We have uncovered the dynamical mechanism behind the memory-nonlinearity trade-off, using the variational equation from the viewpoint of information theory. The mechanism describes how the nonlinear dynamics degrades memory and the linear dynamics preserves it. In terms of information theory, storing memory with the nonlinear (resp. linear) dynamics corresponds to transferring message in a noisy (resp. noiseless) communication channel. The above theoretical interpretation assumes neither the function form of nonlinearity in the reservoir dynamics nor the linear readout. Hence, we conclude that, as a property of general signal-driven dynamical systems, introducing nonlinearity in the dynamics always degrades memory (Jaeger conjecture20).

On the basis of the memory-nonlinearity trade-off, we proposed the mixture reservoir, which is endowed with both linear and nonlinear dynamics. We numerically showed that it reduces function approximation errors effectively. Moreover, the observation shows that adding ‘a pinch of linearity’ considerably improves the performance of the nonlinear reservoir. This conclusion may be valuable for physical implementation of RC, since nonlinear dynamical systems are often used for the reservoir. While the both effects of adding ‘a pinch of linearity’ and ‘a pinch of nonlinearity’ to the RC performance are numerically observed for some tasks, the magnitudes of the effects may depend on how much nonlinearity or memory the task requires. For instance, in Fig. 3(a), adding ‘a pinch of linearity’ is not effective for τ = 5. It can be interpreted as the task τ = 5 requires ‘deep’ memory, and thus, adding a large amount of linearity is needed.

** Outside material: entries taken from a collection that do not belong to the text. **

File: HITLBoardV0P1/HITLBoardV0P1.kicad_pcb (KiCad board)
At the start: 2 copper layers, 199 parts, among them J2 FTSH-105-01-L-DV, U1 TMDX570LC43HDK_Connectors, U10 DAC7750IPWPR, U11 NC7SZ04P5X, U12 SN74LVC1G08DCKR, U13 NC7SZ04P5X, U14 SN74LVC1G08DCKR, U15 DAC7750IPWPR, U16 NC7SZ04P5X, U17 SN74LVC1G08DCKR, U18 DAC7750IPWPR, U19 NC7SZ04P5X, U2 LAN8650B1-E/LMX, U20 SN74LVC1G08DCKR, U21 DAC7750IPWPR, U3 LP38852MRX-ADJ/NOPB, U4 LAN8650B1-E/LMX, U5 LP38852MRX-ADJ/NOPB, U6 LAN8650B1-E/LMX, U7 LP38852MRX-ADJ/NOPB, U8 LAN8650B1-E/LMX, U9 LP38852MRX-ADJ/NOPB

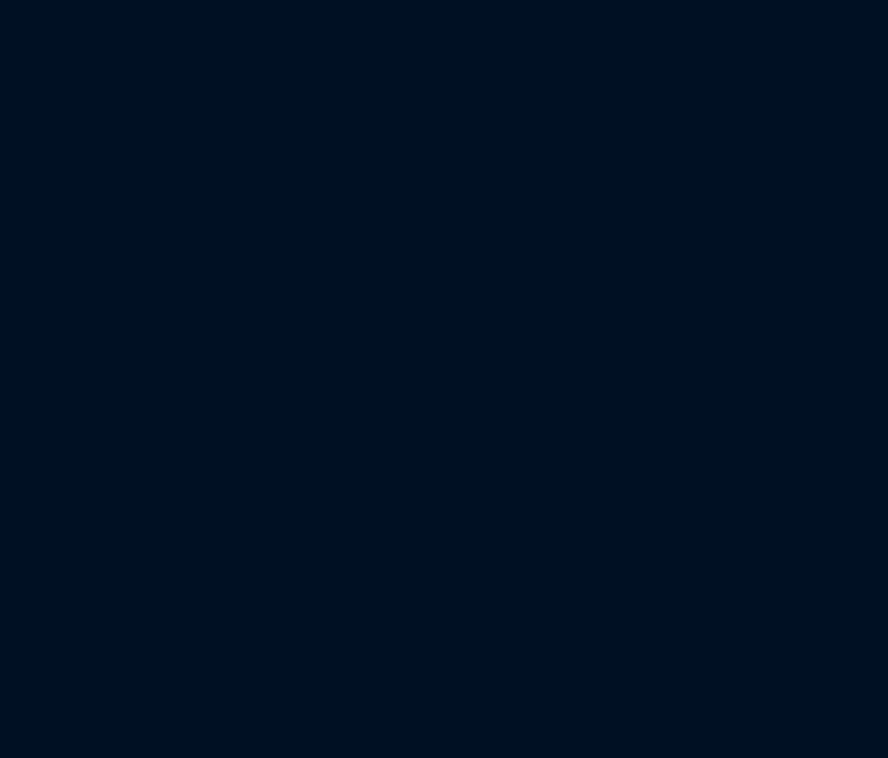
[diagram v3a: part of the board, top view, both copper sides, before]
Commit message: update to board with spi buses assigned
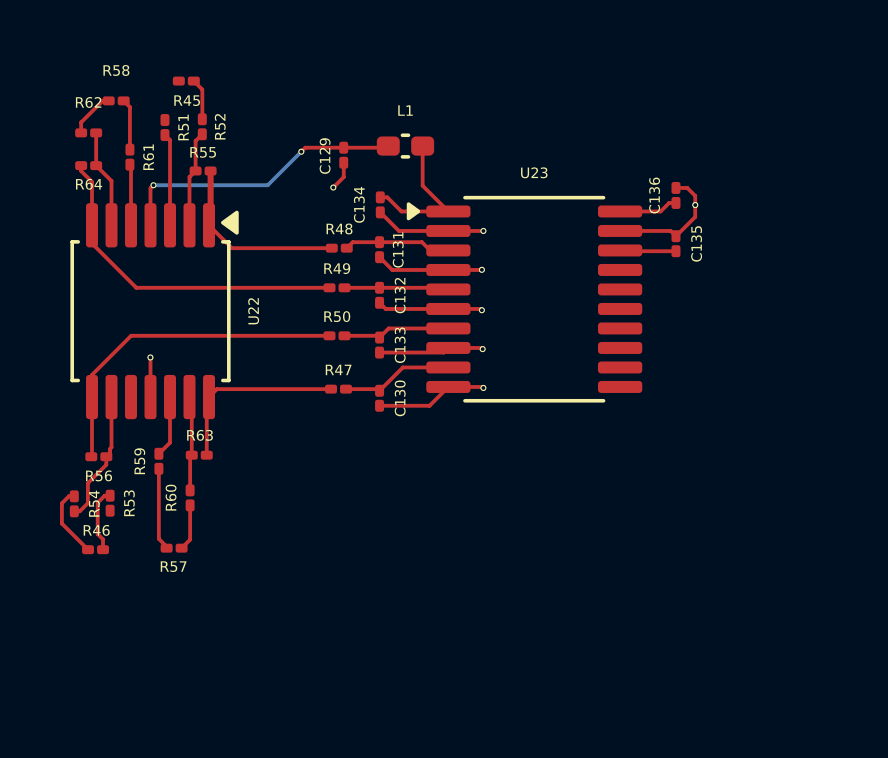
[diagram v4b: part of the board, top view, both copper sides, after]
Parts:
- added C129: C_Small, Capacitor_SMD:C_01005_0402Metric, F.Cu at (84.0, 37.9)
- added C130: C_Small, Capacitor_SMD:C_01005_0402Metric, F.Cu at (85.2, 46.0)
- added C131: C_Small, Capacitor_SMD:C_01005_0402Metric, F.Cu at (85.2, 41.0)
- added C132: C_Small, Capacitor_SMD:C_01005_0402Metric, F.Cu at (85.2, 42.5)
- added C133: C_Small, Capacitor_SMD:C_01005_0402Metric, F.Cu at (85.2, 44.2)
- added C134: C_Small, Capacitor_SMD:C_01005_0402Metric, F.Cu at (85.3, 39.5)
- added C135: C_Small, Capacitor_SMD:C_01005_0402Metric, F.Cu at (95.1, 40.8)
- added C136: C_Small, Capacitor_SMD:C_01005_0402Metric, F.Cu at (95.1, 39.2)
- added L1: L_Ferrite, Inductor_SMD:L_0402_1005Metric_Pad0.77x0.64mm_HandSolder, F.Cu at (86.1, 37.6)
- added R45: 150, Resistor_SMD:R_01005_0402Metric, F.Cu at (78.8, 35.4)
- added R46: 150, Resistor_SMD:R_01005_0402Metric, F.Cu at (75.8, 51.0)
- added R47: R_US, Resistor_SMD:R_01005_0402Metric, F.Cu at (83.9, 45.7)
- added R48: R_US, Resistor_SMD:R_01005_0402Metric, F.Cu at (83.9, 41.0)
- added R49: R_US, Resistor_SMD:R_01005_0402Metric, F.Cu at (83.8, 42.3)
- added R50: R_US, Resistor_SMD:R_01005_0402Metric, F.Cu at (83.8, 43.9)
- added R51: 1K, Resistor_SMD:R_01005_0402Metric, F.Cu at (78.1, 36.9)
- added R52: 1K, Resistor_SMD:R_01005_0402Metric, F.Cu at (79.3, 36.9)
- added R53: 100K, Resistor_SMD:R_01005_0402Metric, F.Cu at (76.3, 49.5)
- added R54: 100K, Resistor_SMD:R_01005_0402Metric, F.Cu at (75.1, 49.5)
- added R55: 1K, Resistor_SMD:R_01005_0402Metric, F.Cu at (79.4, 38.4)
- added R56: 100K, Resistor_SMD:R_01005_0402Metric, F.Cu at (75.9, 47.9)
- added R57: 150, Resistor_SMD:R_01005_0402Metric, F.Cu at (78.4, 51.0)
- added R58: 150, Resistor_SMD:R_01005_0402Metric, F.Cu at (76.5, 36.1)
- added R59: 100K, Resistor_SMD:R_01005_0402Metric, F.Cu at (77.9, 48.1)
- added R60: 100K, Resistor_SMD:R_01005_0402Metric, F.Cu at (78.9, 49.3)
- added R61: 100K, Resistor_SMD:R_01005_0402Metric, F.Cu at (76.9, 37.9)
- added R62: 100K, Resistor_SMD:R_01005_0402Metric, F.Cu at (75.5, 37.1)
- added R63: 100K, Resistor_SMD:R_01005_0402Metric, F.Cu at (79.2, 47.9)
- added R64: 100K, Resistor_SMD:R_01005_0402Metric, F.Cu at (75.5, 38.2)
- added U22: TLV4387PWR, Package_SO:TSSOP-14_4.4x5mm_P0.65mm, F.Cu at (77.6, 43.1)
- added U23: ADS131M04QPWRQ1, Package_SO:TSSOP-20_4.4x6.5mm_P0.65mm, F.Cu at (90.4, 42.7)
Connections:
- U10 pad 10: /DAC/SDO -> /RPI_SPI1_MISO
- U10 pad 6: /DAC/CLR -> /DAC_CLR0
- U10 pad 7: /DAC/LATCH -> /DAC_LATCH0
- U10 pad 9: /DAC/DIN -> /RPI_SPI1_MOSI
- U11 pad 2: /DAC/LATCH -> /DAC_LATCH0
- U12 pad 2: /DAC/SCLK -> /RPI_SPI1_SCK
- U13 pad 2: /dac2/LATCH -> /DAC_LATCH1
- U15 pad 10: /dac2/SDO -> /RPI_SPI1_MISO
- U15 pad 6: /dac2/CLR -> /DAC_CLR1
- U15 pad 7: /dac2/LATCH -> /DAC_LATCH1
- U15 pad 9: /dac2/DIN -> /RPI_SPI1_MOSI
- U16 pad 2: /dac3/LATCH -> /DAC_LATCH2
- U17 pad 2: /dac3/SCLK -> /RPI_SPI1_SCK
- U18 pad 10: /dac3/SDO -> /RPI_SPI1_MISO
- U18 pad 6: /dac3/CLR -> /DAC_CLR2
- U18 pad 7: /dac3/LATCH -> /DAC_LATCH2
- U18 pad 9: /dac3/DIN -> /RPI_SPI1_MOSI
- U19 pad 2: /dac4/LATCH -> /DAC_LATCH3
- U20 pad 2: /dac4/SCLK -> /RPI_SPI1_SCK
- U21 pad 10: /dac4/SDO -> /RPI_SPI1_MISO
- U21 pad 6: /dac4/CLR -> /DAC_CLR3
- U21 pad 7: /dac4/LATCH -> /DAC_LATCH3
- U21 pad 9: /dac4/DIN -> /RPI_SPI1_MOSI
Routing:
- net GND: track 240.0 -> 264.6 mm, vias 78 -> 86
- net /dac4/LATCH: track 20.3 -> 0.00 mm
- net /DAC_LATCH3: track 0.00 -> 20.3 mm
- net /dac2/LATCH: track 16.8 -> 0.00 mm, vias 2 -> 0
- net /DAC_LATCH1: track 0.00 -> 16.8 mm, vias 0 -> 2
- net /dac3/LATCH: track 16.0 -> 0.00 mm, vias 2 -> 0
- net /DAC_LATCH2: track 0.00 -> 16.0 mm, vias 0 -> 2
- net /DAC_LATCH0: track 0.00 -> 14.6 mm, vias 0 -> 2
- net /DAC/LATCH: track 14.6 -> 0.00 mm, vias 2 -> 0
- net /CurrentInstrument/Out_B: track 0.00 -> 11.3 mm
- net /CurrentInstrument/Out_C: track 0.00 -> 11.2 mm
- net +3V3: track 141.3 -> 151.1 mm, vias 24 -> 26
- net /CurrentInstrument/Out_A: track 0.00 -> 6.32 mm
- net /CurrentInstrument/Out_D: track 0.00 -> 6.15 mm
- net Net-(U23-AVDD): track 0.00 -> 5.00 mm
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
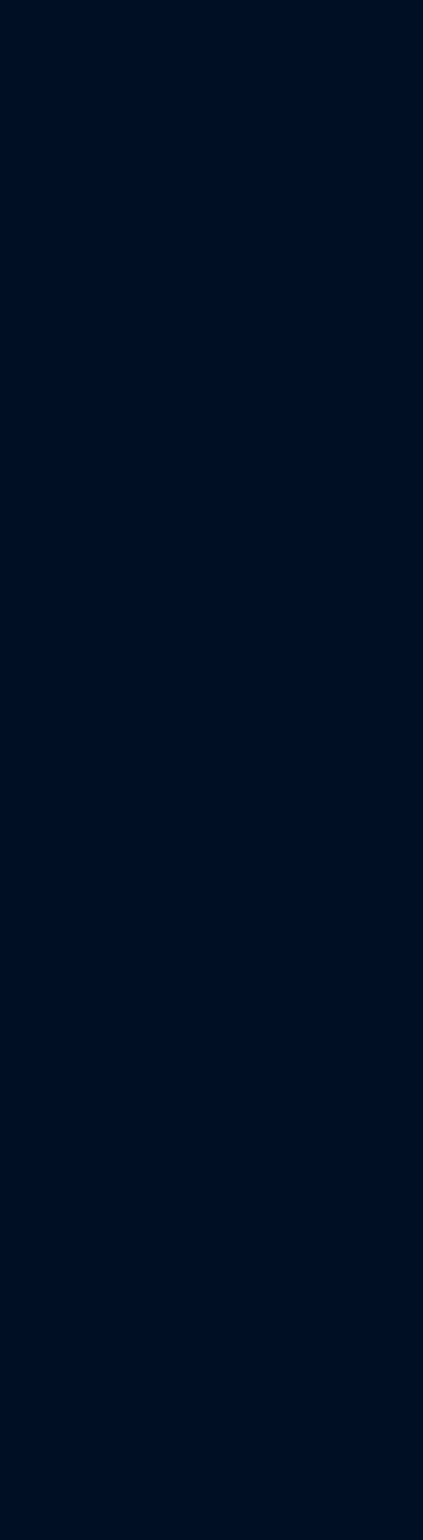
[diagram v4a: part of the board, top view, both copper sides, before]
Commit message: ADD SOLENOID VALVE CIRCUIT
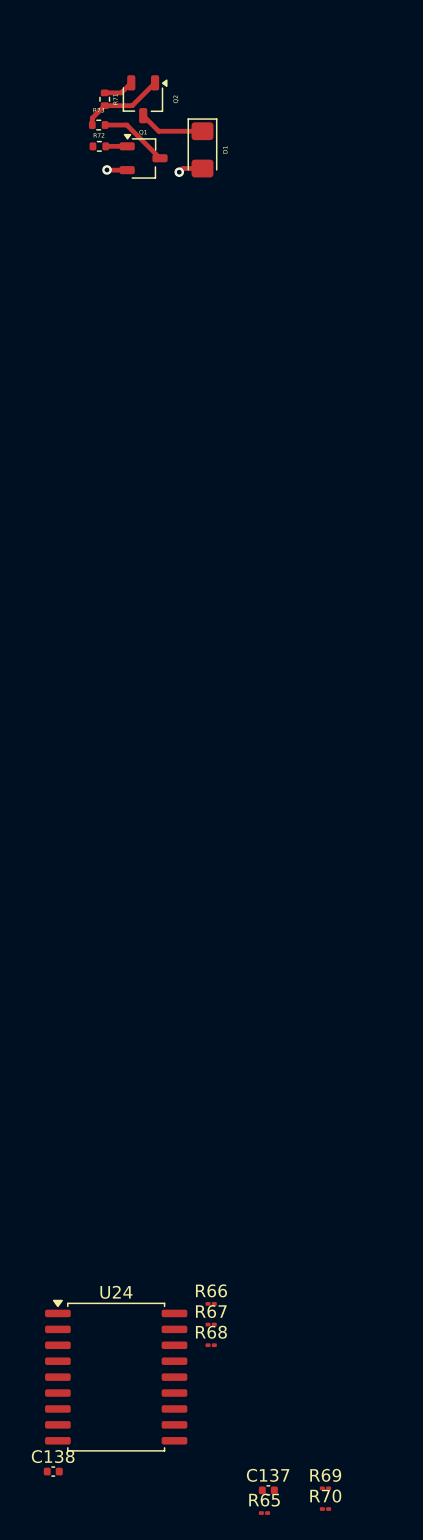
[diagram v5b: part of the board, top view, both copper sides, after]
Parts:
- added C137: 0.1u, Capacitor_SMD:C_0402_1005Metric, F.Cu at (70.6, 228.8)
- added C138: 0.1u, Capacitor_SMD:C_0402_1005Metric, F.Cu at (53.4, 227.3)
- added D1: D_Schottky, Diode_SMD:D_1206_3216Metric_Pad1.42x1.75mm_HandSolder, F.Cu at (65.3, 121.8)
- added Q1: NPN, GaladyneFootprintsLibrary:TSOT-23_KSC1623GMTF, F.Cu at (60.6, 122.5)
- added Q2: PMOS, GaladyneFootprintsLibrary:TSOT-23_ZXMP6A14FQ, F.Cu at (60.6, 117.8)
- added R65: 10K, Resistor_SMD:R_01005_0402Metric, F.Cu at (70.3, 230.6)
- added R66: 10K, Resistor_SMD:R_01005_0402Metric, F.Cu at (66.0, 213.9)
- added R67: 10K, Resistor_SMD:R_01005_0402Metric, F.Cu at (66.0, 215.6)
- added R68: 10K, Resistor_SMD:R_01005_0402Metric, F.Cu at (66.0, 217.2)
- added R69: 10K, Resistor_SMD:R_01005_0402Metric, F.Cu at (75.2, 228.6)
- added R70: 10K, Resistor_SMD:R_01005_0402Metric, F.Cu at (75.2, 230.3)
- added R71: 10K, Resistor_SMD:R_0402_1005Metric, F.Cu at (57.5, 117.8)
- added R72: 33, Resistor_SMD:R_0402_1005Metric, F.Cu at (57.1, 121.6)
- added R73: 4.7K, Resistor_SMD:R_0402_1005Metric, F.Cu at (57.1, 119.9)
- added U24: MCP23008-E/SO, Package_SO:SOIC-18W_7.5x11.6mm_P1.27mm, F.Cu at (58.5, 219.8)
- C129, C131, C132, C133, C134, C136: value C_Small -> 0.1u
- C130, C135: value C_Small -> 0.1U
- R47, R48, R49, R50: value R_US -> 500
- R51, R52: value 1K -> 100K
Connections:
- A1 pad 31: /LAN_RESET_N_1 -> /RPI_I2C_SDA
- A1 pad 32: /LAN_WAKE_0 -> /RPI_I2C_SCL
- A1 pad 34: /LAN_WAKE_1 -> /GPIO_XPNDR_IRQ
- C107 pad 1: /DAC/CURRENT_OUT -> /I_LOOP_1
- C114 pad 1: /dac2/CURRENT_OUT -> /I_LOOP_2
- C121 pad 1: /dac3/CURRENT_OUT -> /I_LOOP_3
- C128 pad 1: /dac4/CURRENT_OUT -> /I_LOOP_4
- R2 pad 1: /Ethernet/RESET_N -> /LAN1_RESET_N
- R26 pad 1: /ethernet4/RESET_N -> /LAN2_RESET_N
- R27 pad 1: /ethernet4/IRQ_N -> /LAN2_IRQ_N
- R3 pad 1: /Ethernet/IRQ_N -> /LAN1_IRQ_N
- R34 pad 2: /DAC/CURRENT_OUT -> /I_LOOP_1
- R38 pad 2: /dac2/CURRENT_OUT -> /I_LOOP_2
- R41 pad 2: /dac3/CURRENT_OUT -> /I_LOOP_3
- R44 pad 2: /dac4/CURRENT_OUT -> /I_LOOP_4
- R45 pad 2: Net-(R45-Pad2) -> /I_LOOP_1
- R46 pad 2: Net-(R46-Pad2) -> /I_LOOP_3
- R51 pad 1: Net-(R45-Pad2) -> /I_LOOP_1
- R53 pad 1: Net-(R46-Pad2) -> /I_LOOP_3
- R57 pad 2: Net-(R57-Pad2) -> /I_LOOP_4
- R58 pad 2: Net-(R58-Pad2) -> /I_LOOP_2
- R59 pad 1: Net-(R57-Pad2) -> /I_LOOP_4
- R61 pad 1: Net-(R58-Pad2) -> /I_LOOP_2
- U1 pad P11-19: /TMDX_Breakout/GIOA_1 -> /LAN1_WAKE
- U1 pad P11-21: /TMDX_Breakout/GIOA_3 -> /LAN2_WAKE
- U1 pad P11-23: /TMDX_Breakout/GIOA_5 -> /LAN1_RESET_N
- U1 pad P11-25: /TMDX_Breakout/GIOA_7 -> /LAN2_RESET_N
- U1 pad P11-27: /TMDX_Breakout/GIOB_1 -> /LAN1_IRQ_N
- U1 pad P11-29: /TMDX_Breakout/GIOB_3 -> /LAN2_IRQ_N
- U1 pad P11-5: /TMDX_Breakout/SCI1_RX -> /RPI_UART1_TX
- U1 pad P11-6: /TMDX_Breakout/SCI1_TX -> /RPI_UART1_RX
- U1 pad P9-11: /TMDX_Breakout/SPI1_SIMO -> /TMDX_SPI1_SIMO
- U1 pad P9-12: /TMDX_Breakout/SPI1_SOMI -> /TMDX_SPI1_SOMI
- U1 pad P9-16: unconnected-(U1A-SPI5_CLK-PadP9-16) -> /TMDX_Breakout/SPI5_SCLK
- U1 pad P9-17: unconnected-(U1A-SPI5_CS1_N-PadP9-17) -> /TMDX_Breakout/SPI5_CS1_NR
- U1 pad P9-18: unconnected-(U1A-SPI5_CS0_N-PadP9-18) -> /TMDX_Breakout/SPI5_CS0_N
- U1 pad P9-21: unconnected-(U1A-SPI5_SIMO_0-PadP9-21) -> /TMDX_Breakout/SPI5_SIMO_0
- U1 pad P9-22: unconnected-(U1A-SPI5_SOMI_0-PadP9-22) -> /TMDX_Breakout/SPI5_SOMI_0
- U1 pad P9-6: /TMDX_Breakout/SPI1_CLK -> /TMDX_SPI1_SCLK
- U1 pad P9-7: /TMDX_Breakout/SPI1_CS1 -> /TMDX_SPI1_CS1
- U1 pad P9-8: /TMDX_Breakout/SPI1_CS0_N -> /TMDX_SPI1_CS0_N
- U2 pad 10: /Ethernet/SPI_SDO -> /TMDX_SPI1_SOMI
- U2 pad 11: /Ethernet/SPI_CS_N -> /TMDX_SPI1_CS0_N
- U2 pad 12: /Ethernet/SPI_SCLK -> /TMDX_SPI1_SCLK
- U2 pad 13: /Ethernet/SPI_SDI -> /TMDX_SPI1_SIMO
- U2 pad 32: /Ethernet/WAKE_IN_3V3 -> /LAN1_WAKE
- U2 pad 8: /Ethernet/RESET_N -> /LAN1_RESET_N
- U2 pad 9: /Ethernet/IRQ_N -> /LAN1_IRQ_N
- U23 pad 12: unconnected-(U23-CHIP_SELECT_N-Pad12) -> /ADC_CS_N
- U23 pad 13: unconnected-(U23-DATA_READY_N-Pad13) -> /ADC_DRDY
- U23 pad 14: unconnected-(U23-SCLK-Pad14) -> /CurrentInstrument/SCLK
- U23 pad 15: unconnected-(U23-DOUT-Pad15) -> /CurrentInstrument/SDO
- U23 pad 16: unconnected-(U23-DIN-Pad16) -> /CurrentInstrument/SDI
- U8 pad 10: /ethernet4/SPI_SDO -> /TMDX_SPI1_SOMI
- U8 pad 11: /ethernet4/SPI_CS_N -> /TMDX_SPI1_CS1
- U8 pad 12: /ethernet4/SPI_SCLK -> /TMDX_SPI1_SCLK
- U8 pad 13: /ethernet4/SPI_SDI -> /TMDX_SPI1_SIMO
- U8 pad 32: /ethernet4/WAKE_IN_3V3 -> /LAN2_WAKE
- U8 pad 8: /ethernet4/RESET_N -> /LAN2_RESET_N
- U8 pad 9: /ethernet4/IRQ_N -> /LAN2_IRQ_N
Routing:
- net /ethernet4/RESET_N: track 6.74 -> 0.00 mm
- net /LAN2_RESET_N: track 0.00 -> 6.74 mm
- net Net-(Q2-G): track 0.00 -> 6.73 mm
- net Net-(Q1-C): track 0.00 -> 5.48 mm
- net /Solenoid-Valve/SV_24VDC_OUT: track 0.00 -> 5.24 mm
- net /I_LOOP_4: track 0.00 -> 5.22 mm
- net /I_LOOP_3: track 0.00 -> 4.70 mm
- net /Ethernet/RESET_N: track 4.67 -> 0.00 mm
- net /Ethernet/1V8_U2: track 26.7 -> 31.4 mm
- net /I_LOOP_2: track 0.00 -> 4.31 mm
- net /Ethernet/U3_ADJ: track 3.68 -> 7.39 mm
- net /Ethernet/IRQ_N: track 3.71 -> 0.00 mm
- net GND: track 264.6 -> 268.2 mm, vias 86 -> 88
- net Net-(R57-Pad2): track 2.75 -> 0.00 mm
- net /I_LOOP_1: track 0.00 -> 2.62 mm
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
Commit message: update solenoid valve circuits
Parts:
- added D2: LED, LED_SMD:LED_01005_0402Metric, F.Cu at (69.0, 123.5)
- added D3: D_Schottky, Diode_SMD:D_1206_3216Metric_Pad1.42x1.75mm_HandSolder, F.Cu at (59.4, 178.5)
- added D4: LED, LED_SMD:LED_01005_0402Metric, F.Cu at (62.8, 179.1)
- added Q3: NPN, GaladyneFootprintsLibrary:TSOT-23_KSC1623GMTF, F.Cu at (55.4, 185.4)
- added Q4: PMOS, GaladyneFootprintsLibrary:TSOT-23_ZXMP6A14FQ, F.Cu at (53.8, 178.3)
- added R74: 500, Resistor_SMD:R_01005_0402Metric, F.Cu at (69.0, 120.3)
- added R75: 10K, Resistor_SMD:R_01005_0402Metric, F.Cu at (67.2, 120.3)
- added R76: 3500, Resistor_SMD:R_01005_0402Metric, F.Cu at (67.2, 123.5)
- added R77: 10K, Resistor_SMD:R_0402_1005Metric, F.Cu at (51.9, 182.2)
- added R78: 33, Resistor_SMD:R_0402_1005Metric, F.Cu at (51.6, 185.0)
- added R79: 4.7K, Resistor_SMD:R_0402_1005Metric, F.Cu at (56.2, 182.1)
- added R80: 500, Resistor_SMD:R_01005_0402Metric, F.Cu at (62.8, 177.3)
- added R81: 10K, Resistor_SMD:R_01005_0402Metric, F.Cu at (64.8, 177.3)
- added R82: 3500, Resistor_SMD:R_01005_0402Metric, F.Cu at (64.8, 179.1)
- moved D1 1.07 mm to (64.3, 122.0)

Finally, we verified the effect of the mixture reservoir in more practical and complex tasks, time series forecasting of the Santa Fe Laser data set32 and the NARMA task. It is interesting to note that the optimal mixture rate p changes depending on the tasks: in the Santa Fe time series forecasting task \({p}_{{\rm{opt}}.}\simeq 0.9\); on the other hand, in the NARMA task \({p}_{{\rm{opt}}.}\simeq 0.5\). It may be interesting to compare the performance improvement by introducing the mixture reservoir with that by simply increasing the number of nodes which were reported by Rodan & Tino36. For the 1-step ahead prediction of the SantaFe data set, the comparison suggests a conjecture; replacing a small number of nonlinear nodes with linear nodes improves RC performance as effective as doubling the number of nonlinear nodes. See the Supplementary Information for a detailed comparative argument.

As future work, it is important to study the universality of the memory-nonlinearity trade-off and the effect of the mixture reservoir, i.e., to see if the results presented in this paper hold in other reservoirs, e.g. with different network topology, and for other tasks. Theoretically, it would be interesting to clarify the relationships between the quantities relating to the memory, i.e. the (maximal) conditional Lyapunov exponent, the linear memory capacity20 MC, and the mutual information I(δ 0; δ n ). These relationships could provide a strategy for determining the optimal reservoir parameters for its performance. To quantify the memory capacity of the mixture reservoir, it may be interesting to study the mutual information in the case of the mixture reservoir and how the mutual information changes with the mixture rate p. Moreover, it is an important future work to compare the mixture reservoir with other methods such as RC with random static projection (R2SP)29,30,31. One of applications of the idea of the mixture reservoir is to add an auxiliary linear feedback to the implementation of RC with delay feedback (i.e., adding linear virtual nodes), which could improve its performance remarkably.

In this work, we found that one of the characteristics of dynamical systems suitable for RC is the coexistence of both linear and nonlinear dynamics. This is a step toward uncovering a guiding principle of reservoir design for high-performance information processing, which is expected to provide an answer to the question stated in the introduction: for a given task, what characteristics of a dynamical system are crucial for information processing? Once revealed, such a guiding principle will enrich our knowledge of computer science, deepen our understanding of brain functions, and contribute to extending dynamical system theory.